───── Listed records ─────

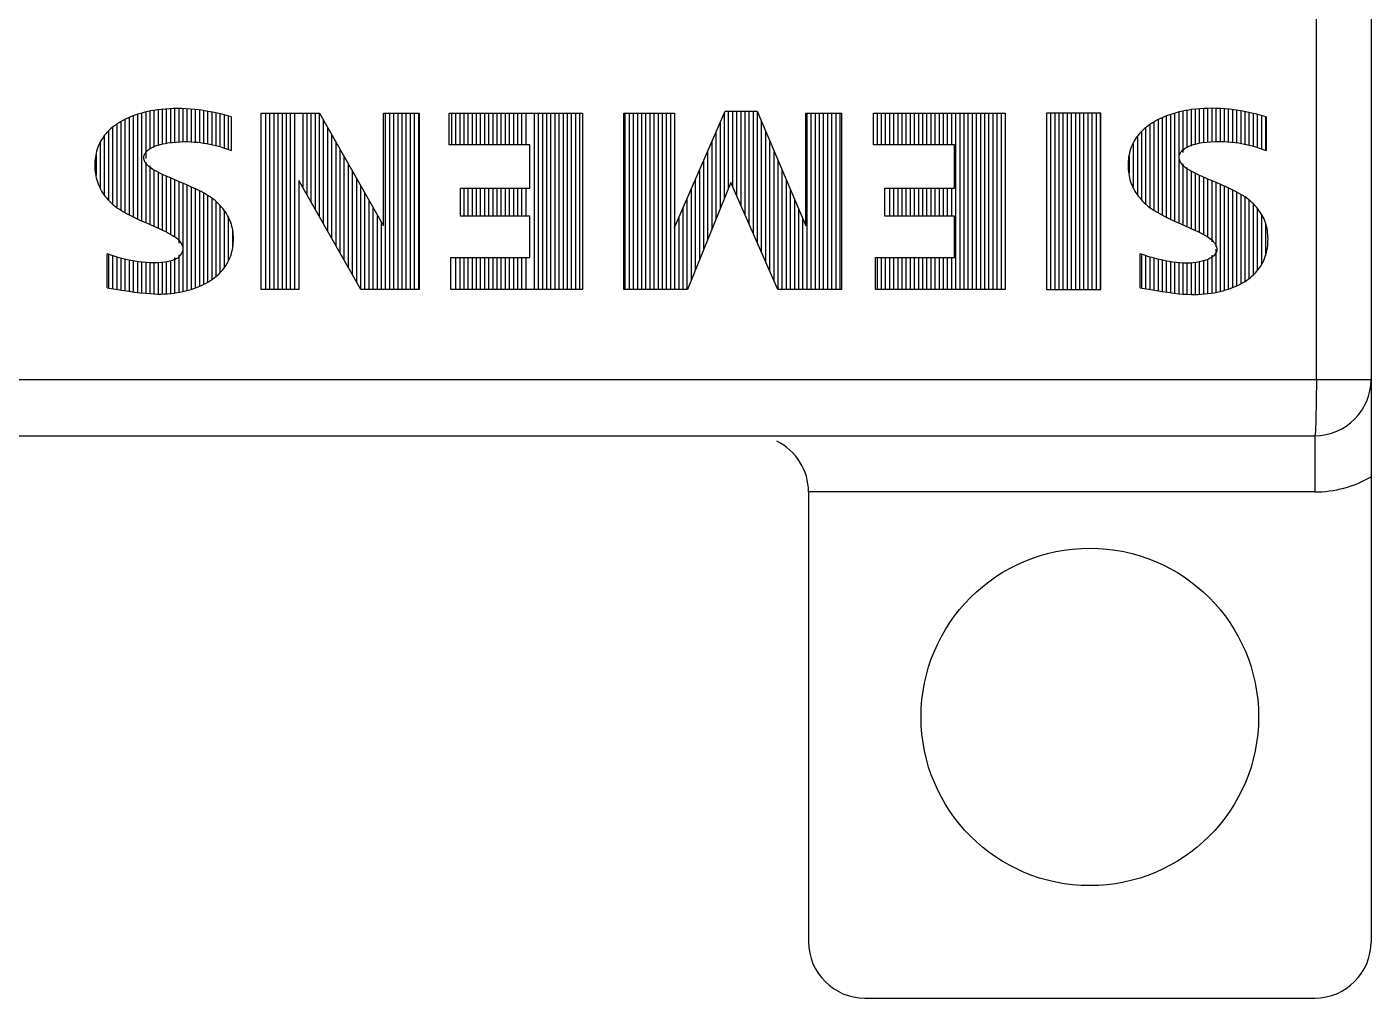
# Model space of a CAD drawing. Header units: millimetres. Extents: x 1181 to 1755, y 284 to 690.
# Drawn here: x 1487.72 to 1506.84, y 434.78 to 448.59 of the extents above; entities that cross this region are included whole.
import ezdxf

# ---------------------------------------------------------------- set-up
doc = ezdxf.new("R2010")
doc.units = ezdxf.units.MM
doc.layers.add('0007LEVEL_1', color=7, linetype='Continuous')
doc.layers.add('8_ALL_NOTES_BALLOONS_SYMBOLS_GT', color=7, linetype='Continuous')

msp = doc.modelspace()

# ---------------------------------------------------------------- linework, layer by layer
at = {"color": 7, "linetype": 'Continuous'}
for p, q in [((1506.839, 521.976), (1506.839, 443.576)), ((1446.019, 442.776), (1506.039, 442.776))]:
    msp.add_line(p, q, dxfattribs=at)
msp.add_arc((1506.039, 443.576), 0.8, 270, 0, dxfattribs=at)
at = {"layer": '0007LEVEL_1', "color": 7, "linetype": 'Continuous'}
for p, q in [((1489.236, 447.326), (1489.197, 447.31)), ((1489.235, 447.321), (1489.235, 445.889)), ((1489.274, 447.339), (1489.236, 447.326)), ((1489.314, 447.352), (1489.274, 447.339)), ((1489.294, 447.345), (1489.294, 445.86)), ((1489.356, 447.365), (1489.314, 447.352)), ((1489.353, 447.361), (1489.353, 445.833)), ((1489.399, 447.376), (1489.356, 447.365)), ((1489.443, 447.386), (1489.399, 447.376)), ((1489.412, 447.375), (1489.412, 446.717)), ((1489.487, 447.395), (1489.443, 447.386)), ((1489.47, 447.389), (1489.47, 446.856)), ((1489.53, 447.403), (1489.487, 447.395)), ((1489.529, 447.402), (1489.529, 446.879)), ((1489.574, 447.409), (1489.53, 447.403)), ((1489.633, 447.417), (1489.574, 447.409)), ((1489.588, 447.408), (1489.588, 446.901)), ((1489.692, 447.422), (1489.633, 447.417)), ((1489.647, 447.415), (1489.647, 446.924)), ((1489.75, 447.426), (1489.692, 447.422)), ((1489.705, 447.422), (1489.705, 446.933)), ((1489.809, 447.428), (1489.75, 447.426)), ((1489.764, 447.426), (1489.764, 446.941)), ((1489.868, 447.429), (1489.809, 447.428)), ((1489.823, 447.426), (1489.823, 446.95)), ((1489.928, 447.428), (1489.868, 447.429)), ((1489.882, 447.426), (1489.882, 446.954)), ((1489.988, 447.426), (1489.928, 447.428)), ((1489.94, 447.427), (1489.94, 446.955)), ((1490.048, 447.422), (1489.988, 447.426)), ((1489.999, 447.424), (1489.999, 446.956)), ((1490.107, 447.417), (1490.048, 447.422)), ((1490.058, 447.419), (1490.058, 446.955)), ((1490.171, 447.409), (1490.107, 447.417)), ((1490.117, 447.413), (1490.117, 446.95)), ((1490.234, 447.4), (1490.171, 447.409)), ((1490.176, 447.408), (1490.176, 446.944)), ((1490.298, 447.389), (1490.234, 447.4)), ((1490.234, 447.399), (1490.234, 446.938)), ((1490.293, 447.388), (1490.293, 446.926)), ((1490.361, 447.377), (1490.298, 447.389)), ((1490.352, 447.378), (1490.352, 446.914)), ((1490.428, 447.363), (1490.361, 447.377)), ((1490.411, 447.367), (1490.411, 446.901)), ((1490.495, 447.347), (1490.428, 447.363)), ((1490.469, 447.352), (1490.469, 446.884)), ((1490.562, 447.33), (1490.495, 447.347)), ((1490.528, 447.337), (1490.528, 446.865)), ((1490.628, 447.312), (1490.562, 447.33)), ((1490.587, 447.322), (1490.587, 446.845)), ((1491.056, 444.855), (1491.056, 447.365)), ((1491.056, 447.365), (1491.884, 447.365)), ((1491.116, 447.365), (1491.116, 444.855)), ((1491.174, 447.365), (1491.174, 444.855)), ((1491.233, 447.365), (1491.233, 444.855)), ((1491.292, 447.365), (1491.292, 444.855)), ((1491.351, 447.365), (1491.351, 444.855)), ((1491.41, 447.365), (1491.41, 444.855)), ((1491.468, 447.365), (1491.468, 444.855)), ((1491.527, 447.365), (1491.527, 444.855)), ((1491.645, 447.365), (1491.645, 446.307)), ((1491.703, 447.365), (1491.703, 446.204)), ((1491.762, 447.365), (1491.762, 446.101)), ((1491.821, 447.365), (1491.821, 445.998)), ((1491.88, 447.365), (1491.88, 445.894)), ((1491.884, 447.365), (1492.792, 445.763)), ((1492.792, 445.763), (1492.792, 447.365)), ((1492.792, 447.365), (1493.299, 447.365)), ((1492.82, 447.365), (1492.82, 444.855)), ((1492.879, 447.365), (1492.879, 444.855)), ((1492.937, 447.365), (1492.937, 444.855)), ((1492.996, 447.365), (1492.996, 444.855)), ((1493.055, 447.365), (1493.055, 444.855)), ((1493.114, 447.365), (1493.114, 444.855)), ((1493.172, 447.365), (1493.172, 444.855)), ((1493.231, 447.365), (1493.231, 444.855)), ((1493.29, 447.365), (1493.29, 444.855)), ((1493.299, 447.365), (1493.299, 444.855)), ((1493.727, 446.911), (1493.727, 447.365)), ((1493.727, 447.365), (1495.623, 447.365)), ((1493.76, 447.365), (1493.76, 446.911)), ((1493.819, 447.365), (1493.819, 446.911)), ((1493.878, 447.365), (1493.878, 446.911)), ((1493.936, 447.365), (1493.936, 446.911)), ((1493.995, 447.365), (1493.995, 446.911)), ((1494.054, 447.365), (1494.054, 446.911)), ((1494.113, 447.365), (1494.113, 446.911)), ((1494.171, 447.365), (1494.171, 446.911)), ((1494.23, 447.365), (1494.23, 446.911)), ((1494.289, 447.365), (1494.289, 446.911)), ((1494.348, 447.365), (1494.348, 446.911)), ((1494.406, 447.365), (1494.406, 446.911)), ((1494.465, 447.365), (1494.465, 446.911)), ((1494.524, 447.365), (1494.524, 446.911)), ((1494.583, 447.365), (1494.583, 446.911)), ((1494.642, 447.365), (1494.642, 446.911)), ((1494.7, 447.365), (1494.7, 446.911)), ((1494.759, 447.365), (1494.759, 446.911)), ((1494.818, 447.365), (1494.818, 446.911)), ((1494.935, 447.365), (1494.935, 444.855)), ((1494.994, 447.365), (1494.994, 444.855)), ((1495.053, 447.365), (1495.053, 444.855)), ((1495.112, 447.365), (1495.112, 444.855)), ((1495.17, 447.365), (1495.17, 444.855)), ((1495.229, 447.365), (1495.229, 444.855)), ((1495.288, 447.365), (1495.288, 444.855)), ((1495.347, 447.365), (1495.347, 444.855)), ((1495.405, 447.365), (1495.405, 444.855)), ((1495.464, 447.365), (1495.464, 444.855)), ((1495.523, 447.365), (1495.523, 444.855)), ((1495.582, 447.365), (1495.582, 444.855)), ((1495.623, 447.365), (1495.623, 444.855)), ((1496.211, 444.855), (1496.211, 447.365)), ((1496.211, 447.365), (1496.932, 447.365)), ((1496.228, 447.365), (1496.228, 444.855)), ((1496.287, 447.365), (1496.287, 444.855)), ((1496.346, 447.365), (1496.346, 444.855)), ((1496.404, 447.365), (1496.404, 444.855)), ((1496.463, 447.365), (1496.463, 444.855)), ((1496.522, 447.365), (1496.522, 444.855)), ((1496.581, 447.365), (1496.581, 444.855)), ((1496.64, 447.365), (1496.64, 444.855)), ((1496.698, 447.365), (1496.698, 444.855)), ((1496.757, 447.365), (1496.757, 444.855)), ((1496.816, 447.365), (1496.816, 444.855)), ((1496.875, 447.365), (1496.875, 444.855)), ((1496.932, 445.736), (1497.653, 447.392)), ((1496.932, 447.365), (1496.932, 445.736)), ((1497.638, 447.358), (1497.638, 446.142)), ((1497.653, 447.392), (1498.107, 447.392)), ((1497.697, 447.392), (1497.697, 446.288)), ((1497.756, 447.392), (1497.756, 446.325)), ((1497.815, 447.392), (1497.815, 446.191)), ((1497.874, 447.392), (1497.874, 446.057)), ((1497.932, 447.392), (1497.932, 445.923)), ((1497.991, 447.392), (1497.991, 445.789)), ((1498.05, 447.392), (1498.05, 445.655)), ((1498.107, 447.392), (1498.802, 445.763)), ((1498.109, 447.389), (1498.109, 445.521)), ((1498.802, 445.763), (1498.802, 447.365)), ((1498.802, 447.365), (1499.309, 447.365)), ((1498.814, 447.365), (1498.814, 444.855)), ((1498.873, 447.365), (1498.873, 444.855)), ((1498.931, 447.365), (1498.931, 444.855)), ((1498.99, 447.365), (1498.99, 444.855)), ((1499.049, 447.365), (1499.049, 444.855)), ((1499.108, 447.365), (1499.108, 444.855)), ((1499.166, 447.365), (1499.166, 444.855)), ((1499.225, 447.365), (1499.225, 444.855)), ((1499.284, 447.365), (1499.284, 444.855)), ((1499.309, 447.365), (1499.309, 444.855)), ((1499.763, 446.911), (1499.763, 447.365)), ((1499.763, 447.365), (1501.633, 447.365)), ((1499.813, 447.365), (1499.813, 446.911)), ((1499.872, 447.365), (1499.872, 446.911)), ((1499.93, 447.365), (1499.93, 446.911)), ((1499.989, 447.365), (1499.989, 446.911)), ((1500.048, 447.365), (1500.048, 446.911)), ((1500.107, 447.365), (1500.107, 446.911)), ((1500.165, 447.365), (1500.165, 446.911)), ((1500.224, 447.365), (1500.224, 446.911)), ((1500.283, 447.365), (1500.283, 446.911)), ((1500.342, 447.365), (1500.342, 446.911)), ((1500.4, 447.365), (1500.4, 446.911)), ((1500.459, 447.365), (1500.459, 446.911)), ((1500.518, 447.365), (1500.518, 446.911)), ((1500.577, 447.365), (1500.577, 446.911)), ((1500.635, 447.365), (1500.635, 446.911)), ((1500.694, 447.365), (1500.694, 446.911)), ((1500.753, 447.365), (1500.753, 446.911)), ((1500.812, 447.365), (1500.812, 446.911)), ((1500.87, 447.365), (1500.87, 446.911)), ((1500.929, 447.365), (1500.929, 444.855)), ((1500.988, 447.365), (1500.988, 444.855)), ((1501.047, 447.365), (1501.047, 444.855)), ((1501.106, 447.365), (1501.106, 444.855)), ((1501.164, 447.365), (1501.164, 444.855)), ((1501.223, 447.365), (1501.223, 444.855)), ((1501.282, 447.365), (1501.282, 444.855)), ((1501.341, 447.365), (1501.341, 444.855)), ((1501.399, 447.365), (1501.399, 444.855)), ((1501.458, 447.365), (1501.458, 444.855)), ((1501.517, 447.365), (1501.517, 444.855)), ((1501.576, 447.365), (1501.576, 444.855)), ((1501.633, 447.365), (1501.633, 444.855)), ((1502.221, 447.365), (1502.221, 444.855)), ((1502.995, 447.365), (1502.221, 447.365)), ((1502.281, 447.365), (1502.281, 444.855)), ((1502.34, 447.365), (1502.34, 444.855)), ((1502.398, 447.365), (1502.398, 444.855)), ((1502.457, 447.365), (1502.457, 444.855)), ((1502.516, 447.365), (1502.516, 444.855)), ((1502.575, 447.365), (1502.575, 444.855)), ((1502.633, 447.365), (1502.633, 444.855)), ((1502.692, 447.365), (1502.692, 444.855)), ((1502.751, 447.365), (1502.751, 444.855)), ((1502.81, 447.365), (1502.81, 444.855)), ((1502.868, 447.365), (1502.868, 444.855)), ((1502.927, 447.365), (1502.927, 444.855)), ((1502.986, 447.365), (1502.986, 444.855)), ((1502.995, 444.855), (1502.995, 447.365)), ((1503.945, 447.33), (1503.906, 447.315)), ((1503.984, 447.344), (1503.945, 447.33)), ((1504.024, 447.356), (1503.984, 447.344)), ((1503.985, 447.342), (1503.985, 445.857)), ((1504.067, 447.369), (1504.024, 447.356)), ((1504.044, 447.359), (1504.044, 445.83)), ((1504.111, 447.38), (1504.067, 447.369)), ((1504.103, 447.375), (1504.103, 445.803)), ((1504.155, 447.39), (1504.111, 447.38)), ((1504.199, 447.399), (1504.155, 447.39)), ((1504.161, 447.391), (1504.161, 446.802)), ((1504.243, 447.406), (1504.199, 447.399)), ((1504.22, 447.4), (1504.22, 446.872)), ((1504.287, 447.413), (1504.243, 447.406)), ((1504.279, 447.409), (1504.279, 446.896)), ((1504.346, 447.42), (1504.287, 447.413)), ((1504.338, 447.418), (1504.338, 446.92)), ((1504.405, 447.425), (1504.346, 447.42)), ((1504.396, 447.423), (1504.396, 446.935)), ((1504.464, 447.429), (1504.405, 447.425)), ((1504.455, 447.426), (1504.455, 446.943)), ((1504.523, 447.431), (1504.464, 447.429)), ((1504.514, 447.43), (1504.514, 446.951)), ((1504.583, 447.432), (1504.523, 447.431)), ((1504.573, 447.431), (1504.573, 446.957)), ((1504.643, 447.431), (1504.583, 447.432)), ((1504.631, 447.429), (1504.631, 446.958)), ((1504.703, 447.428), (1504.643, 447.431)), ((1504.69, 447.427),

─────

- **What to do**: Go through the records line by line, and copy each line that holds the string "layers".

- **Exercise solution**:
doc.layers.add('0007LEVEL_1', color=7, linetype='Continuous')
doc.layers.add('8_ALL_NOTES_BALLOONS_SYMBOLS_GT', color=7, linetype='Continuous')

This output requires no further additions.